- Theatrical release poster
- Directed by: Santiago Segura
- Written by: Santiago Segura
- Produced by: Mercedes Gamero Santiago Segura
- Starring: Santiago Segura Silvia Abril Tony Leblanc Yon González Enrique Villén David Muro Kiko Rivera David Bisbal Belén Esteban
- Cinematography: Teo Delgado
- Edited by: Alejandro Lázaro
- Music by: Roque Baños David Bisbal
- Production companies: Amiguetes Entertainment Antena 3 Films
- Distributed by: Warner Bros. Pictures
- Release date: 9 March 2011;
- Running time: 93 minutes
- Country: Spain
- Language: Spanish
- Budget: €10 million
- Box office: €19,5 million

= Torrente 4: Lethal Crisis =

Torrente 4: Lethal Crisis is a 2011 Spanish black comedy film directed, written, produced by, and starring Santiago Segura as title character José Luis Torrente. It is the fourth installment of the Torrente film series, being a sequel to Torrente 3: El protector; and was successful at the box office. The film features Silvia Abril, Kiko Rivera, Tony Leblanc, Enrique Villén, David Muro, Francisco, David Castillo, Yolanda Ramos, Emma Ozores, Kiko Matamoros, David Bisbal, María La Piedra, Yon González, Soledad Mallol, Ana Obregón, and Belén Esteban.

== Cast ==
- Santiago Segura as José Luis Torrente.
- Silvia Abril as Encarni.
- Kiko Rivera as Julio Rinrín.
- Belén Esteban as Rocío.
- Enrique Villén as Ramírez.
- Tony Leblanc as Gregorio Torrente.
- David Muro as Sr. Castaño.
- Francisco as Rocamora.
- David Castillo as Chancletas.
- Yolanda Ramos as Vacambrosia.
- María La Piedra as Mélanie Rocamora.
- Kiko Matamoros as Otxoa.
- Emma Ozores as Ramírez's wife.
- David Bisbal as Joaqui.
- Soledad Mallol as Chancletas' mother.
- Yon González as Peralta.
- David Fernández Ortiz as Father Tobías.
- Ana Obregón as widow.
- María Patiño as TV presenter.
This film includes cameo appearances from footballers, actors, comedians, and Spanish celebrities.
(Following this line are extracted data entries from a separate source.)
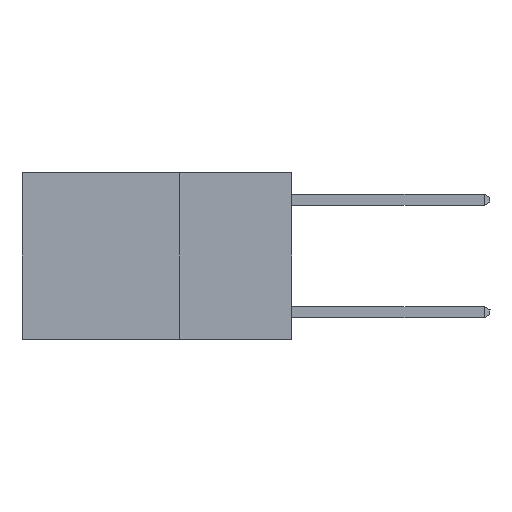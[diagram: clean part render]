
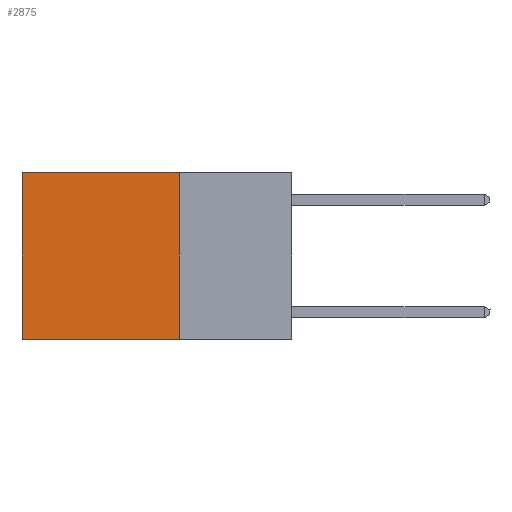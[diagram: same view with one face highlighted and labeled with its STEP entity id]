
A CAD part, left-side view. The second image highlights one B-rep face of the part: STEP entity #2875.
In plain terms, the highlighted planar face has unit normal (-1, 0, 0).
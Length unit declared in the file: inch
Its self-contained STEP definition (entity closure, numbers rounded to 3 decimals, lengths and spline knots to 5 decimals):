
#269 = DIRECTION ( 'NONE',  ( 0., 0., -1. ) ) ;
#272 = EDGE_CURVE ( 'NONE', #3821, #2817, #2298, .T. ) ;
#353 = LINE ( 'NONE', #3211, #7799 ) ;
#404 = VECTOR ( 'NONE', #4992, 39.37008 ) ;
#544 = ORIENTED_EDGE ( 'NONE', *, *, #6549, .T. ) ;
#767 = LINE ( 'NONE', #4281, #4508 ) ;
#2118 = EDGE_LOOP ( 'NONE', ( #544, #2460, #6345, #2709 ) ) ;
#2294 = DIRECTION ( 'NONE',  ( 0., 0., -1. ) ) ;
#2298 = LINE ( 'NONE', #8562, #404 ) ;
#2460 = ORIENTED_EDGE ( 'NONE', *, *, #272, .F. ) ;
#2709 = ORIENTED_EDGE ( 'NONE', *, *, #8729, .T. ) ;
#2817 = VERTEX_POINT ( 'NONE', #8689 ) ;
#2875 = ADVANCED_FACE ( 'NONE', ( #7481 ), #6248, .F. ) ;
#3077 = DIRECTION ( 'NONE',  ( 0., 0., -1. ) ) ;
#3211 = CARTESIAN_POINT ( 'NONE',  ( 0.2625, 0.6, 0. ) ) ;
#3821 = VERTEX_POINT ( 'NONE', #6033 ) ;
#3885 = CARTESIAN_POINT ( 'NONE',  ( 0.2625, 0.25, 0. ) ) ;
#4064 = VECTOR ( 'NONE', #2294, 39.37008 ) ;
#4281 = CARTESIAN_POINT ( 'NONE',  ( 0.2625, 0.25, 0. ) ) ;
#4508 = VECTOR ( 'NONE', #7767, 39.37008 ) ;
#4992 = DIRECTION ( 'NONE',  ( 0., 1., 0. ) ) ;
#5244 = DIRECTION ( 'NONE',  ( 1., 0., 0. ) ) ;
#5468 = CARTESIAN_POINT ( 'NONE',  ( 0.2625, 0.25, 0. ) ) ;
#5768 = VERTEX_POINT ( 'NONE', #5468 ) ;
#5903 = LINE ( 'NONE', #5962, #4064 ) ;
#5962 = CARTESIAN_POINT ( 'NONE',  ( 0.2625, 0.25, 0. ) ) ;
#6033 = CARTESIAN_POINT ( 'NONE',  ( 0.2625, 0.25, -0.37 ) ) ;
#6148 = CARTESIAN_POINT ( 'NONE',  ( 0.2625, 0.6, 0. ) ) ;
#6248 = PLANE ( 'NONE',  #8666 ) ;
#6345 = ORIENTED_EDGE ( 'NONE', *, *, #8235, .F. ) ;
#6549 = EDGE_CURVE ( 'NONE', #9309, #2817, #353, .T. ) ;
#7481 = FACE_OUTER_BOUND ( 'NONE', #2118, .T. ) ;
#7767 = DIRECTION ( 'NONE',  ( 0., 1., 0. ) ) ;
#7799 = VECTOR ( 'NONE', #269, 39.37008 ) ;
#8235 = EDGE_CURVE ( 'NONE', #5768, #3821, #5903, .T. ) ;
#8562 = CARTESIAN_POINT ( 'NONE',  ( 0.2625, 0.25, -0.37 ) ) ;
#8666 = AXIS2_PLACEMENT_3D ( 'NONE', #3885, #5244, #3077 ) ;
#8689 = CARTESIAN_POINT ( 'NONE',  ( 0.2625, 0.6, -0.37 ) ) ;
#8729 = EDGE_CURVE ( 'NONE', #5768, #9309, #767, .T. ) ;
#9309 = VERTEX_POINT ( 'NONE', #6148 ) ;
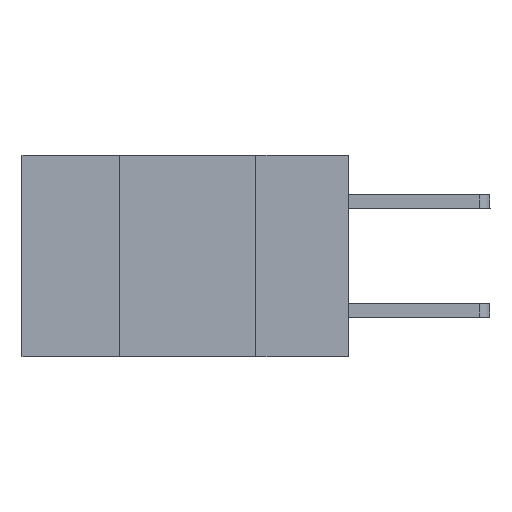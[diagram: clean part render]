
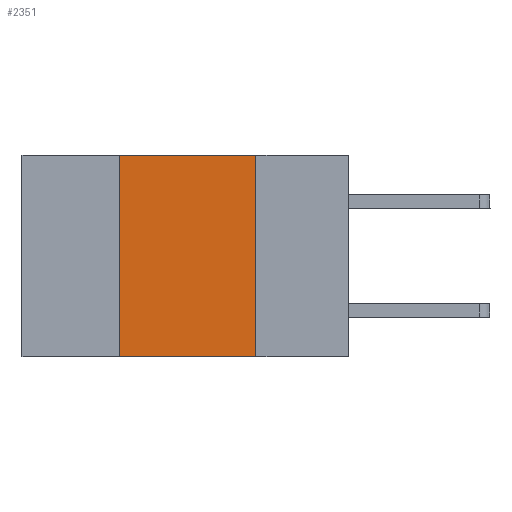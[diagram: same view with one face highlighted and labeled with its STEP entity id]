
A CAD part, left-side view. The second image highlights one B-rep face of the part: STEP entity #2351.
In plain terms, the highlighted planar face has unit normal (-1, 0, 0).
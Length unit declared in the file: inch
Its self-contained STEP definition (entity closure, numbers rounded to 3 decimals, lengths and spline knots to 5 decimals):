
#25 = VECTOR ( 'NONE', #7610, 39.37008 ) ;
#415 = EDGE_CURVE ( 'NONE', #3411, #9219, #766, .T. ) ;
#601 = CARTESIAN_POINT ( 'NONE',  ( 0., 0.42, -0.37 ) ) ;
#766 = LINE ( 'NONE', #5482, #8535 ) ;
#884 = LINE ( 'NONE', #5556, #25 ) ;
#901 = FACE_OUTER_BOUND ( 'NONE', #6743, .T. ) ;
#966 = CARTESIAN_POINT ( 'NONE',  ( 0., 0.42, 0. ) ) ;
#1052 = CARTESIAN_POINT ( 'NONE',  ( 0., 0.42, 0. ) ) ;
#1482 = EDGE_CURVE ( 'NONE', #7556, #9219, #884, .T. ) ;
#1805 = VERTEX_POINT ( 'NONE', #966 ) ;
#2336 = DIRECTION ( 'NONE',  ( 0., 0., -1. ) ) ;
#2351 = ADVANCED_FACE ( 'NONE', ( #901 ), #5518, .F. ) ;
#2609 = LINE ( 'NONE', #8038, #9416 ) ;
#2636 = AXIS2_PLACEMENT_3D ( 'NONE', #5662, #8752, #8608 ) ;
#3031 = VECTOR ( 'NONE', #5719, 39.37008 ) ;
#3411 = VERTEX_POINT ( 'NONE', #7872 ) ;
#3420 = DIRECTION ( 'NONE',  ( 0., -1., 0. ) ) ;
#4099 = LINE ( 'NONE', #1052, #3031 ) ;
#4412 = ORIENTED_EDGE ( 'NONE', *, *, #7491, .F. ) ;
#4923 = ORIENTED_EDGE ( 'NONE', *, *, #7962, .F. ) ;
#5482 = CARTESIAN_POINT ( 'NONE',  ( 0., 0.17, 0. ) ) ;
#5518 = PLANE ( 'NONE',  #2636 ) ;
#5556 = CARTESIAN_POINT ( 'NONE',  ( 0., 0.6, -0.37 ) ) ;
#5662 = CARTESIAN_POINT ( 'NONE',  ( 0., 0.6, 0. ) ) ;
#5719 = DIRECTION ( 'NONE',  ( 0., 0., 1. ) ) ;
#5887 = ORIENTED_EDGE ( 'NONE', *, *, #1482, .T. ) ;
#6743 = EDGE_LOOP ( 'NONE', ( #6792, #4923, #4412, #5887 ) ) ;
#6792 = ORIENTED_EDGE ( 'NONE', *, *, #415, .F. ) ;
#7491 = EDGE_CURVE ( 'NONE', #7556, #1805, #4099, .T. ) ;
#7556 = VERTEX_POINT ( 'NONE', #601 ) ;
#7610 = DIRECTION ( 'NONE',  ( 0., -1., 0. ) ) ;
#7872 = CARTESIAN_POINT ( 'NONE',  ( 0., 0.17, 0. ) ) ;
#7962 = EDGE_CURVE ( 'NONE', #1805, #3411, #2609, .T. ) ;
#8038 = CARTESIAN_POINT ( 'NONE',  ( 0., 0.6, 0. ) ) ;
#8535 = VECTOR ( 'NONE', #2336, 39.37008 ) ;
#8608 = DIRECTION ( 'NONE',  ( 0., 0., -1. ) ) ;
#8752 = DIRECTION ( 'NONE',  ( 1., 0., 0. ) ) ;
#9219 = VERTEX_POINT ( 'NONE', #9471 ) ;
#9416 = VECTOR ( 'NONE', #3420, 39.37008 ) ;
#9471 = CARTESIAN_POINT ( 'NONE',  ( 0., 0.17, -0.37 ) ) ;
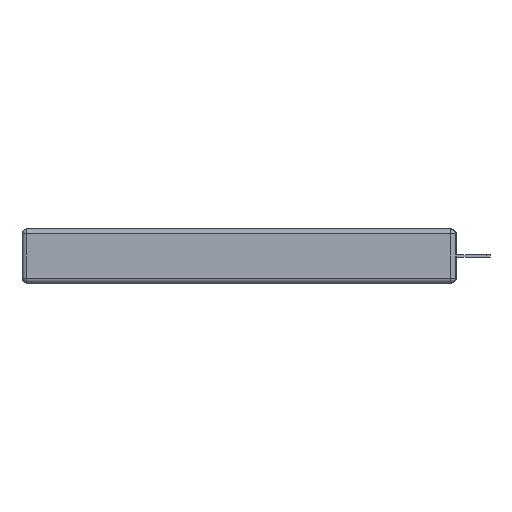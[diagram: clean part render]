
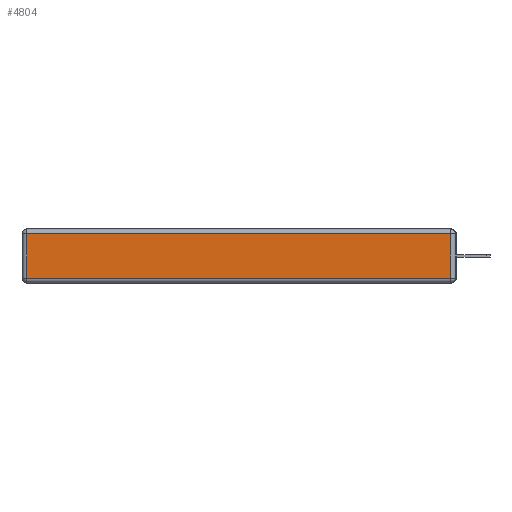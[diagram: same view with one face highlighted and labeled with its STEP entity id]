
A CAD part, left-side view. The second image highlights one B-rep face of the part: STEP entity #4804.
In plain terms, the highlighted planar face has unit normal (-1, 0, 0).
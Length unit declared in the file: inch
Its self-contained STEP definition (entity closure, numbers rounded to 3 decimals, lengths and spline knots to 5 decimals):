
#715 = EDGE_CURVE ( 'NONE', #19303, #4121, #13686, .T. ) ;
#1388 = VERTEX_POINT ( 'NONE', #10222 ) ;
#2633 = FACE_OUTER_BOUND ( 'NONE', #12897, .T. ) ;
#3143 = EDGE_CURVE ( 'NONE', #7421, #19303, #9139, .T. ) ;
#4050 = LINE ( 'NONE', #9018, #18800 ) ;
#4121 = VERTEX_POINT ( 'NONE', #5775 ) ;
#4445 = ORIENTED_EDGE ( 'NONE', *, *, #8056, .T. ) ;
#4685 = CARTESIAN_POINT ( 'NONE',  ( 0., 2.72, -0.343 ) ) ;
#4795 = VECTOR ( 'NONE', #10727, 39.37008 ) ;
#4801 = PLANE ( 'NONE',  #19844 ) ;
#4804 = ADVANCED_FACE ( 'NONE', ( #2633 ), #4801, .T. ) ;
#4899 = ORIENTED_EDGE ( 'NONE', *, *, #3143, .T. ) ;
#5522 = VECTOR ( 'NONE', #20512, 39.37008 ) ;
#5775 = CARTESIAN_POINT ( 'NONE',  ( 0., 0.03, -0.313 ) ) ;
#5783 = VECTOR ( 'NONE', #17182, 39.37008 ) ;
#7421 = VERTEX_POINT ( 'NONE', #14932 ) ;
#7989 = DIRECTION ( 'NONE',  ( -1., 0., 0. ) ) ;
#8056 = EDGE_CURVE ( 'NONE', #1388, #7421, #4050, .T. ) ;
#9018 = CARTESIAN_POINT ( 'NONE',  ( 0., 2.75, -0.03 ) ) ;
#9139 = LINE ( 'NONE', #4685, #4795 ) ;
#10222 = CARTESIAN_POINT ( 'NONE',  ( 0., 0.03, -0.03 ) ) ;
#10727 = DIRECTION ( 'NONE',  ( 0., 0., -1. ) ) ;
#12419 = DIRECTION ( 'NONE',  ( 0., 1., 0. ) ) ;
#12897 = EDGE_LOOP ( 'NONE', ( #15168, #16672, #4445, #4899 ) ) ;
#13451 = EDGE_CURVE ( 'NONE', #4121, #1388, #15949, .T. ) ;
#13686 = LINE ( 'NONE', #17479, #5783 ) ;
#14484 = CARTESIAN_POINT ( 'NONE',  ( 0., 0., -0.343 ) ) ;
#14932 = CARTESIAN_POINT ( 'NONE',  ( 0., 2.72, -0.03 ) ) ;
#15168 = ORIENTED_EDGE ( 'NONE', *, *, #715, .T. ) ;
#15809 = CARTESIAN_POINT ( 'NONE',  ( 0., 2.72, -0.313 ) ) ;
#15949 = LINE ( 'NONE', #18897, #5522 ) ;
#16672 = ORIENTED_EDGE ( 'NONE', *, *, #13451, .T. ) ;
#17182 = DIRECTION ( 'NONE',  ( 0., -1., 0. ) ) ;
#17479 = CARTESIAN_POINT ( 'NONE',  ( 0., 0., -0.313 ) ) ;
#18800 = VECTOR ( 'NONE', #12419, 39.37008 ) ;
#18897 = CARTESIAN_POINT ( 'NONE',  ( 0., 0.03, -0.343 ) ) ;
#19303 = VERTEX_POINT ( 'NONE', #15809 ) ;
#19330 = DIRECTION ( 'NONE',  ( 0., 0., 1. ) ) ;
#19844 = AXIS2_PLACEMENT_3D ( 'NONE', #14484, #7989, #19330 ) ;
#20512 = DIRECTION ( 'NONE',  ( 0., 0., 1. ) ) ;

Football cameos include Cesc Fàbregas, Sergio Ramos, Kun Agüero, Gonzalo Higuaín, Álvaro Arbeloa and Raúl Albiol. Cameos from actors and comedians include José Mota, El Gran Wyoming, Andreu Buenafuente, Pablo Motos, Santiago Urrialde, Florentino Fernández, Manuel Barragán, Fernando Esteso, Carlos Areces, Javier Gutiérrez, Sonia Monroy, Ernesto Sevilla, Juanito Navarro, Josemi Rodríguez, Cañita Brava and Xavier Deltell. Spanish celebrity cameos include Carmen Martínez-Bordiú, John Cobra, Carmen de Mairena, Risto Mejide, Joselito, Hombres G, and Mari Cielo Pajares.